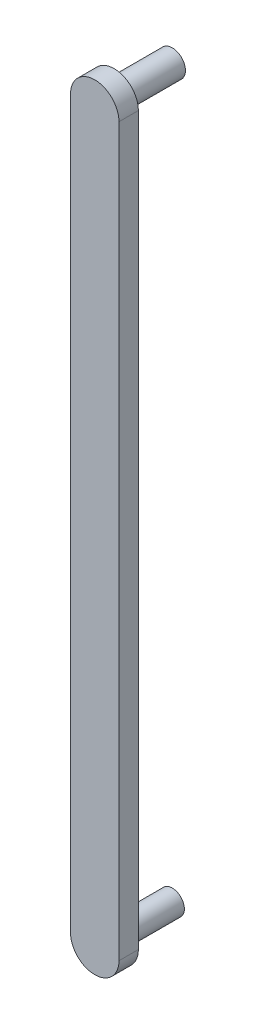
ISO-10303-21;
HEADER;
FILE_DESCRIPTION(('STEP AP214'),'2;1');
FILE_NAME('part.step','',(''),(''),'','','');
FILE_SCHEMA(('AUTOMOTIVE_DESIGN { 1 0 10303 214 1 1 1 1 }'));
ENDSEC;
DATA;
#1=APPLICATION_CONTEXT('core data for automotive mechanical design processes');
#2=APPLICATION_PROTOCOL_DEFINITION('international standard','automotive_design',2000,#1);
#3=PRODUCT_CONTEXT('',#1,'mechanical');
#4=PRODUCT('Part','Part','',(#3));
#5=PRODUCT_RELATED_PRODUCT_CATEGORY('part','',(#4));
#6=PRODUCT_DEFINITION_FORMATION('','',#4);
#7=PRODUCT_DEFINITION_CONTEXT('part definition',#1,'design');
#8=PRODUCT_DEFINITION('design','',#6,#7);
#9=PRODUCT_DEFINITION_SHAPE('','',#8);
#10=(LENGTH_UNIT() NAMED_UNIT(*) SI_UNIT(.MILLI.,.METRE.));
#11=(NAMED_UNIT(*) PLANE_ANGLE_UNIT() SI_UNIT($,.RADIAN.));
#12=(NAMED_UNIT(*) SI_UNIT($,.STERADIAN.) SOLID_ANGLE_UNIT());
#13=UNCERTAINTY_MEASURE_WITH_UNIT(LENGTH_MEASURE(1.E-05),#10,'distance_accuracy_value','');
#14=(GEOMETRIC_REPRESENTATION_CONTEXT(3) GLOBAL_UNCERTAINTY_ASSIGNED_CONTEXT((#13)) GLOBAL_UNIT_ASSIGNED_CONTEXT((#10,
#11,#12)) REPRESENTATION_CONTEXT('',''));
#15=CARTESIAN_POINT('',(0.,0.,0.));
#16=DIRECTION('',(0.,0.,1.));
#17=DIRECTION('',(1.,0.,0.));
#18=AXIS2_PLACEMENT_3D('',#15,#16,#17);
#19=CARTESIAN_POINT('',(0.,0.,2.54));
#20=DIRECTION('',(0.,0.,1.));
#21=DIRECTION('',(1.,0.,0.));
#22=AXIS2_PLACEMENT_3D('',#19,#20,#21);
#23=PLANE('',#22);
#24=CARTESIAN_POINT('',(0.,0.,2.54));
#25=DIRECTION('',(0.,0.,1.));
#26=DIRECTION('',(1.,0.,0.));
#27=AXIS2_PLACEMENT_3D('',#24,#25,#26);
#28=CIRCLE('',#27,3.175);
#29=CARTESIAN_POINT('',(3.175,0.,2.54));
#30=VERTEX_POINT('',#29);
#31=CARTESIAN_POINT('',(-3.175,0.,2.54));
#32=VERTEX_POINT('',#31);
#33=EDGE_CURVE('E96',#30,#32,#28,.T.);
#34=ORIENTED_EDGE('',*,*,#33,.T.);
#35=DIRECTION('',(0.,-1.,0.));
#36=VECTOR('',#35,1.);
#37=CARTESIAN_POINT('',(-3.175,0.,2.54));
#38=LINE('',#37,#36);
#39=CARTESIAN_POINT('',(-3.17499999999999,-95.25,2.54));
#40=VERTEX_POINT('',#39);
#41=EDGE_CURVE('E92',#32,#40,#38,.T.);
#42=ORIENTED_EDGE('',*,*,#41,.T.);
#43=CARTESIAN_POINT('',(0.,-95.25,2.54));
#44=DIRECTION('',(0.,0.,1.));
#45=DIRECTION('',(-1.,0.,0.));
#46=AXIS2_PLACEMENT_3D('',#43,#44,#45);
#47=CIRCLE('',#46,3.17499999999999);
#48=CARTESIAN_POINT('',(3.17499999999999,-95.25,2.54));
#49=VERTEX_POINT('',#48);
#50=EDGE_CURVE('E94',#40,#49,#47,.T.);
#51=ORIENTED_EDGE('',*,*,#50,.T.);
#52=DIRECTION('',(0.,1.,0.));
#53=VECTOR('',#52,1.);
#54=CARTESIAN_POINT('',(3.175,0.,2.54));
#55=LINE('',#54,#53);
#56=EDGE_CURVE('E62',#49,#30,#55,.T.);
#57=ORIENTED_EDGE('',*,*,#56,.T.);
#58=EDGE_LOOP('',(#34,#42,#51,#57));
#59=FACE_BOUND('',#58,.T.);
#60=ADVANCED_FACE('F43',(#59),#23,.T.);
#61=CARTESIAN_POINT('',(0.,0.,0.));
#62=DIRECTION('',(0.,0.,1.));
#63=DIRECTION('',(1.,0.,0.));
#64=AXIS2_PLACEMENT_3D('',#61,#62,#63);
#65=PLANE('',#64);
#66=CARTESIAN_POINT('',(0.,0.,0.));
#67=DIRECTION('',(0.,0.,1.));
#68=DIRECTION('',(1.,0.,0.));
#69=AXIS2_PLACEMENT_3D('',#66,#67,#68);
#70=CIRCLE('',#69,1.72979553968271);
#71=CARTESIAN_POINT('',(1.72979553968271,0.,0.));
#72=VERTEX_POINT('',#71);
#73=EDGE_CURVE('E47',#72,#72,#70,.T.);
#74=ORIENTED_EDGE('',*,*,#73,.T.);
#75=EDGE_LOOP('',(#74));
#76=FACE_BOUND('',#75,.T.);
#77=CARTESIAN_POINT('',(0.,0.,0.));
#78=DIRECTION('',(0.,0.,1.));
#79=DIRECTION('',(1.,0.,0.));
#80=AXIS2_PLACEMENT_3D('',#77,#78,#79);
#81=CIRCLE('',#80,3.175);
#82=CARTESIAN_POINT('',(3.175,0.,0.));
#83=VERTEX_POINT('',#82);
#84=CARTESIAN_POINT('',(-3.175,0.,0.));
#85=VERTEX_POINT('',#84);
#86=EDGE_CURVE('E113',#83,#85,#81,.T.);
#87=ORIENTED_EDGE('',*,*,#86,.F.);
#88=DIRECTION('',(0.,1.,0.));
#89=VECTOR('',#88,1.);
#90=CARTESIAN_POINT('',(3.175,0.,0.));
#91=LINE('',#90,#89);
#92=CARTESIAN_POINT('',(3.17499999999999,-95.25,0.));
#93=VERTEX_POINT('',#92);
#94=EDGE_CURVE('E85',#93,#83,#91,.T.);
#95=ORIENTED_EDGE('',*,*,#94,.F.);
#96=CARTESIAN_POINT('',(0.,-95.25,0.));
#97=DIRECTION('',(0.,0.,1.));
#98=DIRECTION('',(-1.,0.,0.));
#99=AXIS2_PLACEMENT_3D('',#96,#97,#98);
#100=CIRCLE('',#99,3.17499999999999);
#101=CARTESIAN_POINT('',(-3.17499999999999,-95.25,0.));
#102=VERTEX_POINT('',#101);
#103=EDGE_CURVE('E79',#102,#93,#100,.T.);
#104=ORIENTED_EDGE('',*,*,#103,.F.);
#105=DIRECTION('',(0.,-1.,0.));
#106=VECTOR('',#105,1.);
#107=CARTESIAN_POINT('',(-3.175,0.,0.));
#108=LINE('',#107,#106);
#109=EDGE_CURVE('E101',#85,#102,#108,.T.);
#110=ORIENTED_EDGE('',*,*,#109,.F.);
#111=EDGE_LOOP('',(#87,#95,#104,#110));
#112=FACE_BOUND('',#111,.T.);
#113=CARTESIAN_POINT('',(0.,-95.25,0.));
#114=DIRECTION('',(0.,0.,1.));
#115=DIRECTION('',(1.,0.,0.));
#116=AXIS2_PLACEMENT_3D('',#113,#114,#115);
#117=CIRCLE('',#116,1.5875);
#118=CARTESIAN_POINT('',(1.5875,-95.25,0.));
#119=VERTEX_POINT('',#118);
#120=EDGE_CURVE('E138',#119,#119,#117,.T.);
#121=ORIENTED_EDGE('',*,*,#120,.T.);
#122=EDGE_LOOP('',(#121));
#123=FACE_BOUND('',#122,.T.);
#124=ADVANCED_FACE('F129',(#76,#112,#123),#65,.F.);
#125=CARTESIAN_POINT('',(0.,0.,2.54));
#126=DIRECTION('',(0.,0.,-1.));
#127=DIRECTION('',(-1.,0.,0.));
#128=AXIS2_PLACEMENT_3D('',#125,#126,#127);
#129=CYLINDRICAL_SURFACE('',#128,3.175);
#130=ORIENTED_EDGE('',*,*,#86,.T.);
#131=DIRECTION('',(0.,0.,-1.));
#132=VECTOR('',#131,1.);
#133=CARTESIAN_POINT('',(-3.175,0.,2.54));
#134=LINE('',#133,#132);
#135=EDGE_CURVE('E11',#32,#85,#134,.T.);
#136=ORIENTED_EDGE('',*,*,#135,.F.);
#137=ORIENTED_EDGE('',*,*,#33,.F.);
#138=DIRECTION('',(0.,0.,-1.));
#139=VECTOR('',#138,1.);
#140=CARTESIAN_POINT('',(3.175,0.,2.54));
#141=LINE('',#140,#139);
#142=EDGE_CURVE('E109',#30,#83,#141,.T.);
#143=ORIENTED_EDGE('',*,*,#142,.T.);
#144=EDGE_LOOP('',(#130,#136,#137,#143));
#145=FACE_BOUND('',#144,.T.);
#146=ADVANCED_FACE('F45',(#145),#129,.T.);
#147=CARTESIAN_POINT('',(-3.175,0.,2.54));
#148=DIRECTION('',(1.,0.,0.));
#149=DIRECTION('',(0.,1.,0.));
#150=AXIS2_PLACEMENT_3D('',#147,#148,#149);
#151=PLANE('',#150);
#152=ORIENTED_EDGE('',*,*,#109,.T.);
#153=DIRECTION('',(0.,0.,-1.));
#154=VECTOR('',#153,1.);
#155=CARTESIAN_POINT('',(-3.17499999999999,-95.25,2.54));
#156=LINE('',#155,#154);
#157=EDGE_CURVE('E54',#40,#102,#156,.T.);
#158=ORIENTED_EDGE('',*,*,#157,.F.);
#159=ORIENTED_EDGE('',*,*,#41,.F.);
#160=ORIENTED_EDGE('',*,*,#135,.T.);
#161=EDGE_LOOP('',(#152,#158,#159,#160));
#162=FACE_BOUND('',#161,.T.);
#163=ADVANCED_FACE('F100',(#162),#151,.F.);
#164=CARTESIAN_POINT('',(0.,-95.25,2.54));
#165=DIRECTION('',(0.,0.,-1.));
#166=DIRECTION('',(-1.,0.,0.));
#167=AXIS2_PLACEMENT_3D('',#164,#165,#166);
#168=CYLINDRICAL_SURFACE('',#167,3.17499999999999);
#169=ORIENTED_EDGE('',*,*,#103,.T.);
#170=DIRECTION('',(0.,0.,-1.));
#171=VECTOR('',#170,1.);
#172=CARTESIAN_POINT('',(3.17499999999999,-95.25,2.54));
#173=LINE('',#172,#171);
#174=EDGE_CURVE('E103',#49,#93,#173,.T.);
#175=ORIENTED_EDGE('',*,*,#174,.F.);
#176=ORIENTED_EDGE('',*,*,#50,.F.);
#177=ORIENTED_EDGE('',*,*,#157,.T.);
#178=EDGE_LOOP('',(#169,#175,#176,#177));
#179=FACE_BOUND('',#178,.T.);
#180=ADVANCED_FACE('F105',(#179),#168,.T.);
#181=CARTESIAN_POINT('',(3.175,0.,2.54));
#182=DIRECTION('',(-1.,0.,0.));
#183=DIRECTION('',(0.,-1.,0.));
#184=AXIS2_PLACEMENT_3D('',#181,#182,#183);
#185=PLANE('',#184);
#186=ORIENTED_EDGE('',*,*,#94,.T.);
#187=ORIENTED_EDGE('',*,*,#142,.F.);
#188=ORIENTED_EDGE('',*,*,#56,.F.);
#189=ORIENTED_EDGE('',*,*,#174,.T.);
#190=EDGE_LOOP('',(#186,#187,#188,#189));
#191=FACE_BOUND('',#190,.T.);
#192=ADVANCED_FACE('F126',(#191),#185,.F.);
#193=CARTESIAN_POINT('',(0.,0.,-7.62));
#194=DIRECTION('',(0.,0.,1.));
#195=DIRECTION('',(1.,0.,0.));
#196=AXIS2_PLACEMENT_3D('',#193,#194,#195);
#197=CYLINDRICAL_SURFACE('',#196,1.72979553968271);
#198=CARTESIAN_POINT('',(0.,0.,-7.62));
#199=DIRECTION('',(0.,0.,1.));
#200=DIRECTION('',(1.,0.,0.));
#201=AXIS2_PLACEMENT_3D('',#198,#199,#200);
#202=CIRCLE('',#201,1.72979553968271);
#203=CARTESIAN_POINT('',(1.72979553968271,0.,-7.62));
#204=VERTEX_POINT('',#203);
#205=EDGE_CURVE('E134',#204,#204,#202,.T.);
#206=ORIENTED_EDGE('',*,*,#205,.T.);
#207=EDGE_LOOP('',(#206));
#208=FACE_BOUND('',#207,.T.);
#209=ORIENTED_EDGE('',*,*,#73,.F.);
#210=EDGE_LOOP('',(#209));
#211=FACE_BOUND('',#210,.T.);
#212=ADVANCED_FACE('F167',(#208,#211),#197,.T.);
#213=CARTESIAN_POINT('',(0.,0.,-7.62));
#214=DIRECTION('',(0.,0.,1.));
#215=DIRECTION('',(1.,0.,0.));
#216=AXIS2_PLACEMENT_3D('',#213,#214,#215);
#217=PLANE('',#216);
#218=ORIENTED_EDGE('',*,*,#205,.F.);
#219=EDGE_LOOP('',(#218));
#220=FACE_BOUND('',#219,.T.);
#221=ADVANCED_FACE('F156',(#220),#217,.F.);
#222=CARTESIAN_POINT('',(0.,-95.25,-7.62));
#223=DIRECTION('',(0.,0.,1.));
#224=DIRECTION('',(1.,0.,0.));
#225=AXIS2_PLACEMENT_3D('',#222,#223,#224);
#226=CYLINDRICAL_SURFACE('',#225,1.5875);
#227=CARTESIAN_POINT('',(0.,-95.25,-7.62));
#228=DIRECTION('',(0.,0.,1.));
#229=DIRECTION('',(1.,0.,0.));
#230=AXIS2_PLACEMENT_3D('',#227,#228,#229);
#231=CIRCLE('',#230,1.5875);
#232=CARTESIAN_POINT('',(1.5875,-95.25,-7.62));
#233=VERTEX_POINT('',#232);
#234=EDGE_CURVE('E142',#233,#233,#231,.T.);
#235=ORIENTED_EDGE('',*,*,#234,.T.);
#236=EDGE_LOOP('',(#235));
#237=FACE_BOUND('',#236,.T.);
#238=ORIENTED_EDGE('',*,*,#120,.F.);
#239=EDGE_LOOP('',(#238));
#240=FACE_BOUND('',#239,.T.);
#241=ADVANCED_FACE('F147',(#237,#240),#226,.T.);
#242=CARTESIAN_POINT('',(0.,-95.25,-7.62));
#243=DIRECTION('',(0.,0.,1.));
#244=DIRECTION('',(1.,0.,0.));
#245=AXIS2_PLACEMENT_3D('',#242,#243,#244);
#246=PLANE('',#245);
#247=ORIENTED_EDGE('',*,*,#234,.F.);
#248=EDGE_LOOP('',(#247));
#249=FACE_BOUND('',#248,.T.);
#250=ADVANCED_FACE('F150',(#249),#246,.F.);
#251=CLOSED_SHELL('',(#60,#124,#146,#163,#180,#192,#212,#221,#241,#250));
#252=MANIFOLD_SOLID_BREP('B2',#251);
#253=ADVANCED_BREP_SHAPE_REPRESENTATION('',(#18,#252),#14);
#254=SHAPE_DEFINITION_REPRESENTATION(#9,#253);
ENDSEC;
END-ISO-10303-21;

What to do: Print again the lines of the entries above that fall between the line holding "#194=DIRECTION('',(0.,0.,1.));" and the line holding "#200=DIRECTION('',(1.,0.,0.));", inclusive, exactly as they stand.

Task result:
#194=DIRECTION('',(0.,0.,1.));
#195=DIRECTION('',(1.,0.,0.));
#196=AXIS2_PLACEMENT_3D('',#193,#194,#195);
#197=CYLINDRICAL_SURFACE('',#196,1.72979553968271);
#198=CARTESIAN_POINT('',(0.,0.,-7.62));
#199=DIRECTION('',(0.,0.,1.));
#200=DIRECTION('',(1.,0.,0.));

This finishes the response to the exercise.